Rigel Group

They shoot Yaks, don't they?

Tee With Sinatra

OK, so I wanted to take all of the JSON data that we were stuffing into our Riak cluster, and send a copy of it to our ElasticSearch cluster as well, so that we could, you know, actually find the data later. We could have done this by modifying one of the Riak client libraries, but then any data that got uploaded through a different client would be missed. So as an experiment, we turned to our new favorite tool, Sinatra, and hacked up a Rack proxy app, that will intercept the incoming HTTP requests, send them on to Riak and also send a copy to the ElasticSearch cluster. We used Typhoeus as the HTTP client to do this, so that we could concurrently execute the 2 requests in the interests of speed.
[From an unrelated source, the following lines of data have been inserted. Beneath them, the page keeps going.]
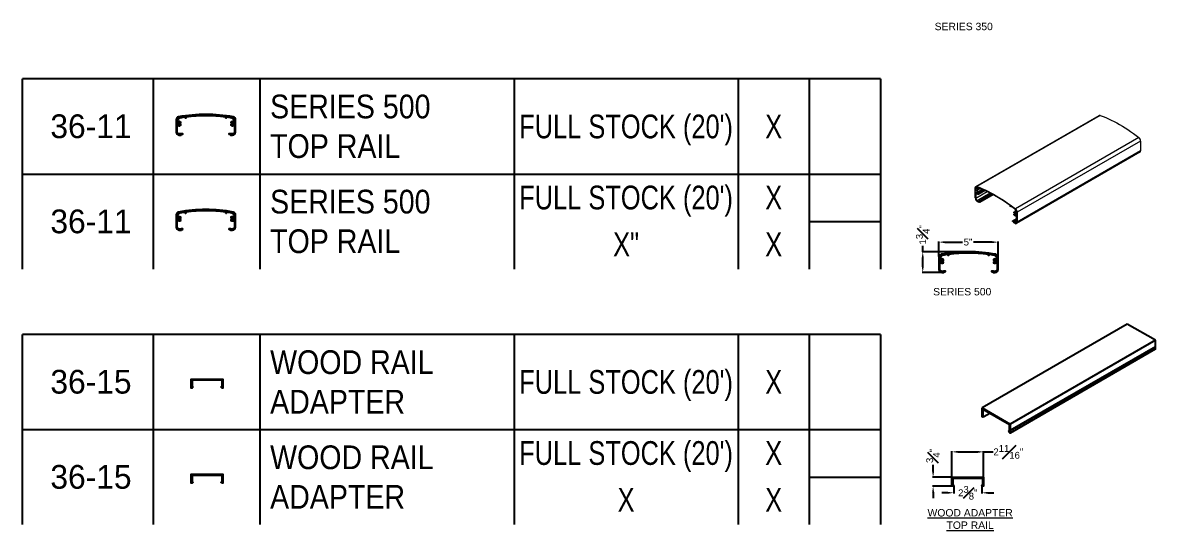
# Model space of a CAD drawing. Header units: inches. Extents: x -333 to 1223, y -450 to 45.
# Drawn here: x 85.8 to 181.2, y -180.9 to -138.2 of the extents above; entities that cross this region are included whole.
import ezdxf
from ezdxf.enums import TextEntityAlignment as Align

# ---------------------------------------------------------------- set-up
doc = ezdxf.new("R2010")
doc.units = ezdxf.units.IN
doc.header["$MEASUREMENT"] = 0
doc.layers.get('Defpoints').update_dxf_attribs({"color": 85})
for name, color, linetype in [('Detail', 251, 'Continuous'), ('Dims', 1, 'Continuous'), ('Lite', 9, 'Continuous'), ('NOTES', 7, 'Continuous'), ('PL', 252, 'Continuous')]:
    doc.layers.add(name, color=color, linetype=linetype)
doc.styles.add('Schedule', font='GOTHIC.TTF', dxfattribs={"width": 0.9})
doc.styles.add('SM0', font='arial.ttf', dxfattribs={"height": 0.575})
doc.styles.get("Standard").update_dxf_attribs({"font": 'arial.ttf'})
doc.styles.add('style-sm', font='arial.ttf', dxfattribs={"height": 0.25})
doc.dimstyles.new('Arch-sm', dxfattribs={"dimtxt": 0.25, "dimasz": 0.25, "dimexe": 0.0625, "dimexo": 0.0625, "dimgap": 0.125, "dimtad": 0, "dimdec": 4, "dimzin": 0, "dimdsep": 46, "dimlunit": 4, "dimtxsty": 'style-sm', "dimcen": 0.09, "dimclrd": 256, "dimclre": 256, "dimclrt": 7, "dimadec": 1, "dimazin": 1, "dimtfac": 1, "dimtdec": 4, "dimtofl": 0, "dimtmove": 0, "dimatfit": 3, "dimfxl": 0.18, "dimfrac": 1, "dimtolj": 1, "dimtzin": 0, "dimlwd": -1, "dimlwe": -1, "dimarcsym": 0})

# ---------------------------------------------------------------- blocks, each defined once
blk = doc.blocks.new('*D39')
at = {"layer": 'Defpoints', "color": 0, "transparency": 16777216}
for p in [(164.049, -174.333), (164.049, -176.473), (166.726, -176.473)]:
    blk.add_point(p, dxfattribs=at)
at = {"layer": 'Dims', "transparency": 16777216}
for p, q in [((164.049, -176.411), (164.049, -174.271)), ((164.549, -174.333), (166.226, -174.333)), ((166.726, -176.411), (166.726, -174.271)), ((166.726, -174.333), (167.514, -174.333))]:
    blk.add_line(p, q, dxfattribs=at)
for points in [[(164.549, -174.25), (164.549, -174.417), (164.049, -174.333)], [(166.226, -174.25), (166.226, -174.417), (166.726, -174.333)]]:
    blk.add_solid(points, dxfattribs=at)
at = {"layer": 'Dims', "color": 7, "transparency": 16777216, "insert": (168.803, -174.333), "char_height": 0.575, "attachment_point": 5, "style": 'SM0'}
blk.add_mtext('\\A1;2{\\H1.000000x;\\S11#16;}"', dxfattribs=at)
blk = doc.blocks.new('*D40')
at = {"layer": 'Defpoints', "color": 0, "transparency": 16777216}
for p in [(164.2, -177.143), (166.575, -177.143), (166.575, -177.781)]:
    blk.add_point(p, dxfattribs=at)
at = {"layer": 'Dims', "transparency": 16777216}
for p, q in [((164.2, -177.206), (164.2, -177.844)), ((166.575, -177.206), (166.575, -177.844)), ((163.7, -177.781), (163.2, -177.781)), ((167.075, -177.781), (167.575, -177.781))]:
    blk.add_line(p, q, dxfattribs=at)
for points in [[(163.7, -177.698), (163.7, -177.864), (164.2, -177.781)], [(167.075, -177.698), (167.075, -177.864), (166.575, -177.781)]]:
    blk.add_solid(points, dxfattribs=at)
at = {"layer": 'Dims', "color": 7, "transparency": 16777216, "insert": (165.388, -177.781), "char_height": 0.575, "attachment_point": 5, "style": 'SM0'}
blk.add_mtext('\\A1;2{\\H1.000000x;\\S3#8;}"', dxfattribs=at)
blk = doc.blocks.new('*D41')
at = {"layer": 'Defpoints', "color": 0, "transparency": 16777216}
for p in [(162.468, -176.473), (164.049, -176.473), (164.049, -177.231)]:
    blk.add_point(p, dxfattribs=at)
at = {"layer": 'Dims', "transparency": 16777216}
for p, q in [((162.468, -175.973), (162.468, -175.434)), ((163.987, -176.473), (162.406, -176.473)), ((163.987, -177.231), (162.406, -177.231)), ((162.468, -177.731), (162.468, -178.231))]:
    blk.add_line(p, q, dxfattribs=at)
for points in [[(162.385, -175.973), (162.552, -175.973), (162.468, -176.473)], [(162.385, -177.731), (162.552, -177.731), (162.468, -177.231)]]:
    blk.add_solid(points, dxfattribs=at)
at = {"layer": 'Dims', "color": 7, "transparency": 16777216, "insert": (162.468, -174.683), "char_height": 0.575, "attachment_point": 5, "rotation": 90, "style": 'SM0'}
blk.add_mtext('\\A1;{\\H1.000000x;\\S3#4;}"', dxfattribs=at)
blk = doc.blocks.new('*D117')
at = {"layer": 'Defpoints', "color": 0, "transparency": 16777216}
for p in [(167.95, -156.664), (162.95, -157.938), (167.95, -157.938)]:
    blk.add_point(p, dxfattribs=at)
at = {"layer": 'Dims', "transparency": 16777216}
for p, q in [((162.95, -157.875), (162.95, -156.602)), ((163.45, -156.664), (164.954, -156.664)), ((167.45, -156.664), (165.864, -156.664)), ((167.95, -157.875), (167.95, -156.602))]:
    blk.add_line(p, q, dxfattribs=at)
for points in [[(163.45, -156.581), (163.45, -156.748), (162.95, -156.664)], [(167.45, -156.581), (167.45, -156.748), (167.95, -156.664)]]:
    blk.add_solid(points, dxfattribs=at)
at = {"layer": 'Dims', "color": 7, "transparency": 16777216, "insert": (165.409, -156.664), "char_height": 0.575, "attachment_point": 5, "style": 'SM0'}
blk.add_mtext('\\A1;5"', dxfattribs=at)
blk = doc.blocks.new('*D118')
at = {"layer": 'Defpoints', "color": 0, "transparency": 16777216}
for p in [(165.45, -157.482), (161.595, -159.217), (163.2, -159.217)]:
    blk.add_point(p, dxfattribs=at)
at = {"layer": 'Dims', "transparency": 16777216}
for p, q in [((161.595, -157.482), (161.595, -156.982)), ((165.388, -157.482), (161.533, -157.482)), ((161.595, -158.717), (161.595, -157.982)), ((163.138, -159.217), (161.533, -159.217))]:
    blk.add_line(p, q, dxfattribs=at)
for points in [[(161.512, -157.982), (161.678, -157.982), (161.595, -157.482)], [(161.512, -158.717), (161.678, -158.717), (161.595, -159.217)]]:
    blk.add_solid(points, dxfattribs=at)
at = {"layer": 'Dims', "color": 7, "transparency": 16777216, "insert": (161.595, -156.051), "char_height": 0.575, "attachment_point": 5, "rotation": 90, "style": 'SM0'}
blk.add_mtext('\\A1;1{\\H1.000000x;\\S3#4;}"', dxfattribs=at)
blk = doc.blocks.new('S500TR')
at = {"layer": 'Detail', "linetype": 'Continuous', "lineweight": 0}
for p, q in [((-1.706, 0.768), (8.665, 6.755)), ((8.77, 6.765), (-1.623, 0.765)), ((12.016, 4.891), (1.623, -1.109)), ((12.16, 4.606), (1.768, -1.393)), ((12.16, 4.607), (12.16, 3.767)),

Here is the proof-of-concept:

1
2
3
4
5
6
7
8
9
10
11
12
13
14
15
16
17
18
19
20
21
22
23
24
25
26
27
28
29
30
31
32
33
34
35
36
37
38
39
40
41
42
43
44
45
46
47
48
49
50
51
52
53
54
55
56
57
58
59
60
61
62
63
64
65
66
67
68
69
70
71
72
73
require 'rubygems'
require 'sinatra'
require 'typhoeus'

OPTIONS = {}
OPTIONS[:riak_host] = "localhost"
OPTIONS[:riak_port] = "8098"
OPTIONS[:es_host] = "localhost"
OPTIONS[:es_port] = "9200"
OPTIONS[:riak_timeout] = 5000 # milliseconds
OPTIONS[:es_timeout] = 5000 # milliseconds

class Rack::Proxy

  def initialize(app)
    @app = app
    @hydra = Typhoeus::Hydra.new
  end

  def call(env)
    req = Rack::Request.new(env)
    # We need to use it twice, so read in the stream. This is an obvious problem with large bodies, so beware.
    req_body = req.body.read if req.body

    riak_url = "http://#{OPTIONS[:riak_host]}:#{OPTIONS[:riak_port]}#{req.fullpath}"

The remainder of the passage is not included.